I second (or third?) Google Maps. To me, Waze gives me a ton of info I don't need and gives so many course corrections that it's not comfortable for the pax. Much prefer Maps, although I do sometimes also run Waze in the background for the redlight camera alerts.

And...what Noe said above about not only having it _on your phone_, but most important,* having it in your Uber settings as the nav of choice*.


----------



## SuzeCB (Oct 30, 2016)

Take the longer route, so long as it doesn't add too much time to your Rider trip. Funnily enough, a good portion of the time the longest trip that Waze will suggest is also the shortest in time. Without front pricing, so long as the Pax doesn't change the destination, or add another one afterwards, they don't pay any more money.
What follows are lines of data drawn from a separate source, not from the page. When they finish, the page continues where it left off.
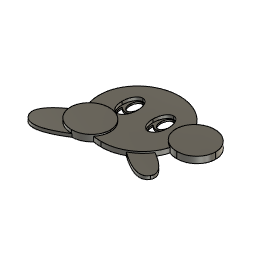
Kirby (Autodesk Fusion 360 design; units mm, degrees)
Autodesk Fusion 360 part; units mm, degrees
note: some values were not read from the file. Set by a fixed rule: which sketch regions a step uses.
sketch "Body" plane through (0, 0, 0) normal (0, 0, 1) x (1, 0, 0)
  spline S0 degree 2 poles (-25.3043, -9.4119) (-88.3517, -41.3968) (-76.8327, -61.1714) knots 0 0 0 1 1 1
  spline S1 degree 2 poles (-76.8327, -61.1714) (-65.3132, -80.9459) (-14.8426, -44.1924) knots 0 0 0 1 1 1
  spline S2 degree 3 poles (-14.8426, -44.1924) (-14.5009, -28.664) (-10.0033, -8.8636) (-25.3043, -9.4119) knots 0 0 0 0 1 1 1 1
  line L0 (-25.3043, -9.4119) -> (-25.3043, -9.4119)
  spline S3 degree 2 poles (-25.3043, -9.4119) (-88.3517, -41.3968) (-76.8327, -61.1714) knots 0 0 0 1 1 1
  spline S4 degree 2 poles (-76.8327, -61.1714) (-65.3132, -80.9459) (-14.8426, -44.1924) knots 0 0 0 1 1 1
  spline S5 degree 3 poles (-14.8426, -44.1924) (-14.5009, -28.664) (-10.0033, -8.8636) (-25.3043, -9.4119) knots 0 0 0 0 1 1 1 1
  line L1 (-25.3043, -9.4119) -> (-25.3043, -9.4119)
  spline S6 degree 3 poles (50.1135, 2.3188) (50.1135, -24.7089) (27.1933, -46.6187) (-1.0791, -46.6187) knots 0 0 0 0 1 1 1 1
  spline S7 degree 3 poles (-1.0791, -46.6187) (-29.3524, -46.6187) (-52.2718, -24.7089) (-52.2718, 2.3188) knots 0 0 0 0 1 1 1 1
  spline S8 degree 3 poles (-52.2718, 2.3188) (-52.2718, 29.3466) (-29.3516, 51.2564) (-1.0791, 51.2564) knots 0 0 0 0 1 1 1 1
  spline S9 degree 3 poles (-1.0791, 51.2564) (27.1941, 51.2564) (50.1135, 29.3466) (50.1135, 2.3188) knots 0 0 0 0 1 1 1 1
  spline S10 degree 3 poles (50.1135, 2.3188) (50.1135, -24.7089) (27.1933, -46.6187) (-1.0791, -46.6187) knots 0 0 0 0 1 1 1 1
  spline S11 degree 3 poles (-1.0791, -46.6187) (-29.3524, -46.6187) (-52.2718, -24.7089) (-52.2718, 2.3188) knots 0 0 0 0 1 1 1 1
  spline S12 degree 3 poles (-52.2718, 2.3188) (-52.2718, 29.3466) (-29.3516, 51.2564) (-1.0791, 51.2564) knots 0 0 0 0 1 1 1 1
  spline S13 degree 3 poles (-1.0791, 51.2564) (27.1941, 51.2564) (50.1135, 29.3466) (50.1135, 2.3188) knots 0 0 0 0 1 1 1 1
  spline S14 degree 3 poles (50.1135, 2.3188) (50.1135, -24.7089) (27.1933, -46.6187) (-1.0791, -46.6187) knots 0 0 0 0 1 1 1 1
  spline S15 degree 3 poles (-1.0791, -46.6187) (-29.3524, -46.6187) (-52.2718, -24.7089) (-52.2718, 2.3188) knots 0 0 0 0 1 1 1 1
  spline S16 degree 3 poles (-52.2718, 2.3188) (-52.2718, 29.3466) (-29.3516, 51.2564) (-1.0791, 51.2564) knots 0 0 0 0 1 1 1 1
  spline S17 degree 3 poles (-1.0791, 51.2564) (27.1941, 51.2564) (50.1135, 29.3466) (50.1135, 2.3188) knots 0 0 0 0 1 1 1 1
  spline S18 degree 3 poles (26.4728, 9.9863) (26.4728, 1.0187) (22.1358, -6.2511) (16.7858, -6.2511) knots 0 0 0 0 1 1 1 1
  spline S19 degree 3 poles (16.7858, -6.2511) (11.4358, -6.2511) (7.0988, 1.0187) (7.0988, 9.9863) knots 0 0 0 0 1 1 1 1
  spline S20 degree 3 poles (7.0988, 9.9863) (7.0988, 18.9539) (11.4358, 26.2237) (16.7858, 26.2237) knots 0 0 0 0 1 1 1 1
  spline S21 degree 3 poles (16.7858, 26.2237) (22.1358, 26.2237) (26.4728, 18.9539) (26.4728, 9.9863) knots 0 0 0 0 1 1 1 1
  spline S22 degree 3 poles (22.4193, 15.7063) (22.4193, 10.4907) (19.8969, 6.2626) (16.7853, 6.2626) knots 0 0 0 0 1 1 1 1
  spline S23 degree 3 poles (16.7853, 6.2626) (13.6738, 6.2626) (11.1514, 10.4907) (11.1514, 15.7063) knots 0 0 0 0 1 1 1 1
  spline S24 degree 3 poles (11.1514, 15.7063) (11.1514, 20.9218) (13.6738, 25.1499) (16.7853, 25.1499) knots 0 0 0 0 1 1 1 1
  spline S25 degree 3 poles (16.7853, 25.1499) (19.8969, 25.1499) (22.4193, 20.9218) (22.4193, 15.7063) knots 0 0 0 0 1 1 1 1
  spline S26 degree 3 poles (9.5098, 7.6408) (17.882, 0.7681) (20.4581, 5.1787) (23.5114, 7.6408) knots 0 0 0 0 1 1 1 1
  spline S27 degree 3 poles (23.5114, 7.6408) (23.149, 3.5887) (24.7202, -1.2015) (17.4707, -5.2533) knots 0 0 0 0 1 1 1 1
  spline S28 degree 3 poles (17.4707, -5.2533) (9.8696, -2.4809) (9.2832, 2.7921) (9.5099, 7.6408) knots 0 0 0 0 1 1 1 1
  line L2 (9.5099, 7.6408) -> (9.5098, 7.6408)
  spline S29 degree 3 poles (-11.9676, 9.9863) (-11.9676, 1.0187) (-16.3046, -6.2511) (-21.6547, -6.2511) knots 0 0 0 0 1 1 1 1
  spline S30 degree 3 poles (-21.6547, -6.2511) (-27.0047, -6.2511) (-31.3417, 1.0187) (-31.3417, 9.9863) knots 0 0 0 0 1 1 1 1
  spline S31 degree 3 poles (-31.3417, 9.9863) (-31.3417, 18.9539) (-27.0047, 26.2237) (-21.6547, 26.2237) knots 0 0 0 0 1 1 1 1
  spline S32 degree 3 poles (-21.6547, 26.2237) (-16.3046, 26.2237) (-11.9676, 18.9539) (-11.9676, 9.9863) knots 0 0 0 0 1 1 1 1
  spline S33 degree 3 poles (-16.0211, 15.7063) (-16.0211, 10.4907) (-18.5435, 6.2626) (-21.6551, 6.2626) knots 0 0 0 0 1 1 1 1
  spline S34 degree 3 poles (-21.6551, 6.2626) (-24.7667, 6.2626) (-27.2891, 10.4907) (-27.2891, 15.7063) knots 0 0 0 0 1 1 1 1
  spline S35 degree 3 poles (-27.2891, 15.7063) (-27.2891, 20.9218) (-24.7667, 25.1499) (-21.6551, 25.1499) knots 0 0 0 0 1 1 1 1
  spline S36 degree 3 poles (-21.6551, 25.1499) (-18.5435, 25.1499) (-16.0211, 20.9218) (-16.0211, 15.7063) knots 0 0 0 0 1 1 1 1
  spline S37 degree 3 poles (-28.9306, 7.6408) (-20.5585, 0.7681) (-17.9824, 5.1787) (-14.929, 7.6408) knots 0 0 0 0 1 1 1 1
  spline S38 degree 3 poles (-14.929, 7.6408) (-15.2915, 3.5887) (-13.7203, -1.2015) (-20.9698, -5.2533) knots 0 0 0 0 1 1 1 1
  spline S39 degree 3 poles (-20.9698, -5.2533) (-28.5709, -2.4809) (-29.1573, 2.7921) (-28.9306, 7.6408) knots 0 0 0 0 1 1 1 1
  line L3 (-28.9306, 7.6408) -> (-28.9306, 7.6408)
  spline S40 degree 3 poles (83.6748, 11.5654) (83.6748, -1.5125) (72.5844, -12.114) (58.9042, -12.114) knots 0 0 0 0 1 1 1 1
  spline S41 degree 3 poles (58.9042, -12.114) (45.2236, -12.114) (34.1337, -1.5125) (34.1337, 11.5654) knots 0 0 0 0 1 1 1 1
  spline S42 degree 3 poles (34.1337, 11.5654) (34.1337, 24.6433) (45.224, 35.2448) (58.9042, 35.2448) knots 0 0 0 0 1 1 1 1
  spline S43 degree 3 poles (58.9042, 35.2448) (72.5848, 35.2448) (83.6748, 24.6433) (83.6748, 11.5654) knots 0 0 0 0 1 1 1 1
  spline S44 degree 3 poles (83.6748, 11.5654) (83.6748, -1.5125) (72.5844, -12.114) (58.9042, -12.114) knots 0 0 0 0 1 1 1 1
  spline S45 degree 3 poles (58.9042, -12.114) (45.2236, -12.114) (34.1337, -1.5125) (34.1337, 11.5654) knots 0 0 0 0 1 1 1 1
  spline S46 degree 3 poles (34.1337, 11.5654) (34.1337, 24.6433) (45.224, 35.2448) (58.9042, 35.2448) knots 0 0 0 0 1 1 1 1
  spline S47 degree 3 poles (58.9042, 35.2448) (72.5848, 35.2448) (83.6748, 24.6433) (83.6748, 11.5654) knots 0 0 0 0 1 1 1 1
  spline S48 degree 3 poles (83.6748, 11.5654) (83.6748, -1.5125) (72.5844, -12.114) (58.9042, -12.114) knots 0 0 0 0 1 1 1 1
  spline S49 degree 3 poles (58.9042, -12.114) (45.2236, -12.114) (34.1337, -1.5125) (34.1337, 11.5654) knots 0 0 0 0 1 1 1 1
  spline S50 degree 3 poles (34.1337, 11.5654) (34.1337, 24.6433) (45.224, 35.2448) (58.9042, 35.2448) knots 0 0 0 0 1 1 1 1
  spline S51 degree 3 poles (58.9042, 35.2448) (72.5848, 35.2448) (83.6748, 24.6433) (83.6748, 11.5654) knots 0 0 0 0 1 1 1 1
  spline S52 degree 3 poles (-5.6275, -30.6069) (-5.6275, -43.6848) (-16.7179, -54.2863) (-30.3981, -54.2863) knots 0 0 0 0 1 1 1 1
  spline S53 degree 3 poles (-30.3981, -54.2863) (-44.0787, -54.2863) (-55.1687, -43.6848) (-55.1687, -30.6069) knots 0 0 0 0 1 1 1 1
  spline S54 degree 3 poles (-55.1687, -30.6069) (-55.1687, -17.529) (-44.0783, -6.9275) (-30.3981, -6.9275) knots 0 0 0 0 1 1 1 1
  spline S55 degree 3 poles (-30.3981, -6.9275) (-16.7175, -6.9275) (-5.6275, -17.529) (-5.6275, -30.6069) knots 0 0 0 0 1 1 1 1
  spline S56 degree 3 poles (-5.6275, -30.6069) (-5.6275, -43.6848) (-16.7179, -54.2863) (-30.3981, -54.2863) knots 0 0 0 0 1 1 1 1
  spline S57 degree 3 poles (-30.3981, -54.2863) (-44.0787, -54.2863) (-55.1687, -43.6848) (-55.1687, -30.6069) knots 0 0 0 0 1 1 1 1
  spline S58 degree 3 poles (-55.1687, -30.6069) (-55.1687, -17.529) (-44.0783, -6.9275) (-30.3981, -6.9275) knots 0 0 0 0 1 1 1 1
  spline S59 degree 3 poles (-30.3981, -6.9275) (-16.7175, -6.9275) (-5.6275, -17.529) (-5.6275, -30.6069) knots 0 0 0 0 1 1 1 1
  spline S60 degree 3 poles (-5.6275, -30.6069) (-5.6275, -43.6848) (-16.7179, -54.2863) (-30.3981, -54.2863) knots 0 0 0 0 1 1 1 1
  spline S61 degree 3 poles (-30.3981, -54.2863) (-44.0787, -54.2863) (-55.1687, -43.6848) (-55.1687, -30.6069) knots 0 0 0 0 1 1 1 1
  spline S62 degree 3 poles (-55.1687, -30.6069) (-55.1687, -17.529) (-44.0783, -6.9275) (-30.3981, -6.9275) knots 0 0 0 0 1 1 1 1
  spline S63 degree 3 poles (-30.3981, -6.9275) (-16.7175, -6.9275) (-5.6275, -17.529) (-5.6275, -30.6069) knots 0 0 0 0 1 1 1 1
  spline S64 degree 2 poles (30.1659, -16.2031) (72.4206, -37.6387) (64.7005, -50.8914) knots 0 0 0 1 1 1
  spline S65 degree 2 poles (64.7005, -50.8914) (56.98, -64.144) (23.1543, -39.5125) knots 0 0 0 1 1 1
  spline S66 degree 3 poles (23.1543, -39.5125) (22.9254, -29.1056) (19.9111, -15.8357) (30.1658, -16.2031) knots 0 0 0 0 1 1 1 1
  line L4 (30.1658, -16.2031) -> (30.1659, -16.2031)
  spline S67 degree 2 poles (30.1659, -16.2031) (72.4206, -37.6387) (64.7005, -50.8914) knots 0 0 0 1 1 1
  spline S68 degree 2 poles (64.7005, -50.8914) (56.98, -64.144) (23.1543, -39.5125) knots 0 0 0 1 1 1
  spline S69 degree 3 poles (23.1543, -39.5125) (22.9254, -29.1056) (19.9111, -15.8357) (30.1658, -16.2031) knots 0 0 0 0 1 1 1 1
  line L5 (30.1658, -16.2031) -> (30.1659, -16.2031)
  spline S70 degree 2 poles (-5.8174, -15.9483) (11.0968, -19.7821) (12.6755, -17.3014) knots 0 0 0 1 1 1
  spline S71 degree 2 poles (12.6755, -17.3014) (14.2541, -14.8207) (14.2541, -15.0463) knots 0 0 0 1 1 1
  spline S72 degree 2 poles (-5.8174, -15.9483) (11.0968, -19.7821) (12.6755, -17.3014) knots 0 0 0 1 1 1
  spline S73 degree 2 poles (12.6755, -17.3014) (14.2541, -14.8207) (14.2541, -15.0463) knots 0 0 0 1 1 1
  spline S74 degree 2 poles (-5.8174, -15.9483) (11.0968, -19.7821) (12.6755, -17.3014) knots 0 0 0 1 1 1
  spline S75 degree 2 poles (12.6755, -17.3014) (14.2541, -14.8207) (14.2541, -15.0463) knots 0 0 0 1 1 1
  spline S76 degree 2 poles (-5.8174, -15.9483) (11.0968, -19.7821) (12.6755, -17.3014) knots 0 0 0 1 1 1
  spline S77 degree 2 poles (12.6755, -17.3014) (14.2541, -14.8207) (14.2541, -15.0463) knots 0 0 0 1 1 1
  spline S78 degree 2 poles (-5.8174, -15.9483) (11.0968, -19.7821) (12.6755, -17.3014) knots 0 0 0 1 1 1
  spline S79 degree 2 poles (12.6755, -17.3014) (14.2541, -14.8207) (14.2541, -15.0463) knots 0 0 0 1 1 1
  spline S80 degree 2 poles (-5.8174, -15.9483) (11.0968, -19.7821) (12.6755, -17.3014) knots 0 0 0 1 1 1
  spline S81 degree 2 poles (12.6755, -17.3014) (14.2541, -14.8207) (14.2541, -15.0463) knots 0 0 0 1 1 1
  spline S82 degree 2 poles (-5.8174, -15.9483) (11.0968, -19.7821) (12.6755, -17.3014) knots 0 0 0 1 1 1
  spline S83 degree 2 poles (12.6755, -17.3014) (14.2541, -14.8207) (14.2541, -15.0463) knots 0 0 0 1 1 1
  spline S84 degree 2 poles (-5.8174, -15.9483) (11.0968, -19.7821) (12.6755, -17.3014) knots 0 0 0 1 1 1
  spline S85 degree 2 poles (12.6755, -17.3014) (14.2541, -14.8207) (14.2541, -15.0463) knots 0 0 0 1 1 1
extrude "Extrude1" add sketch "Body" along normal blind 6 contours S0 S1 S2 S3 S4 S5 S7 S11 S15 | S0 S1 S2 S3 S4 S5 S7 S11 S15 S52 S54 S55 S56 S58 S59 S60 S62 S63 | S6 S7 S8 S9 S10 S11 S12 S13 S14 S15 S16 S17 S41 S42 S45 S46 S49 S50 S52 S54 S55 S56 S58 S59 S60 S62 S63 S64 S65 S66 S67 S68 S69 | S6 S10 S14 S64 S65 S66 S67 S68 S69 | S6 S9 S10 S13 S14 S17 S41 S42 S45 S46 S49 S50
extrude "Extrude2" add sketch "Body" along normal blind 8 contours S0 S1 S2 S3 S4 S5 S7 S11 S15 | S0 S1 S2 S3 S4 S5 S7 S11 S15 S52 S54 S55 S56 S58 S59 S60 S62 S63 | S0 S1 S3 S4 S7 S11 S15 S52 S53 S54 S56 S57 S58 S60 S61 S62 | S0 S3 S7 S11 S15 S54 S58 S62 | S1 S4 S7 S11 S15 S52 S56 S60 | S6 S9 S10 S13 S14 S17 S40 S41 S42 S43 S44 S45 S46 S47 S48 S49 S50 S51 | S6 S9 S10 S13 S14 S17 S41 S42 S45 S46 S49 S50
extrude "Extrude3" add sketch "Body" along normal blind 4 contours S0 S1 S2 S3 S4 S5 S7 S11 S15 | S0 S1 S3 S4 S7 S11 S15 S52 S53 S54 S56 S57 S58 S60 S61 S62 | S0 S1 S3 S4 S52 S53 S54 S56 S57 S58 S60 S61 S62 | S6 S10 S14 S64 S65 S66 S67 S68 S69 | S6 S10 S14 S64 S65 S67 S68
extrude "Extrude4" add sketch "Body" along normal blind 2 contours S18 S19 S20 S21 | S29 S30 S31 S32
named bodies: "Kirby_Keychain"

Uber has already charged them for the longest route.


----------



## Cableguynoe (Feb 14, 2017)

SuzeCB said:


> Take the longer route, so long as it doesn't add too much time to your Rider trip. Funnily enough, a good portion of the time the longest trip that Waze will suggest is also the shortest in time. Without front pricing, so long as the Pax doesn't change the destination, or add another one afterwards, they don't pay any more money. Uber has already charged them for the longest route.


Well that's a whole other thread. 
On longer rides, and especially surge rides, I'll offer click on the "similar eta" routes google maps provides on the map. I generally do it on a red light. 
Often it will add a mile or 2 but the time is about the same. On long rides I can do this several times. 
If I don't like the new route(sometimes it's less miles) I just continue on original router and it will change back once you start driving.


----------



## Kelly reiber (Aug 20, 2017)

I've downloaded it and made it the nav app of choice. Hopefully it'll be better and more efficient than the uber app!


----------



## Coachman (Sep 22, 2015)

Every once in a while you're going to get a 1-star because the pax didn't like your route. Some of them are just a$$holes.


----------



## Kelly reiber (Aug 20, 2017)

Eh typical. I'm not too concerned about the one star ratings. I had one egotistical person today but he turned out to be okay in the end. Didn't tip. In fact no one has tipped yet. Is that pretty common?


----------



## Cableguynoe (Feb 14, 2017)

Kelly reiber said:


> Eh typical. I'm not too concerned about the one star ratings. I had one egotistical person today but he turned out to be okay in the end. Didn't tip. In fact no one has tipped yet. Is that pretty common?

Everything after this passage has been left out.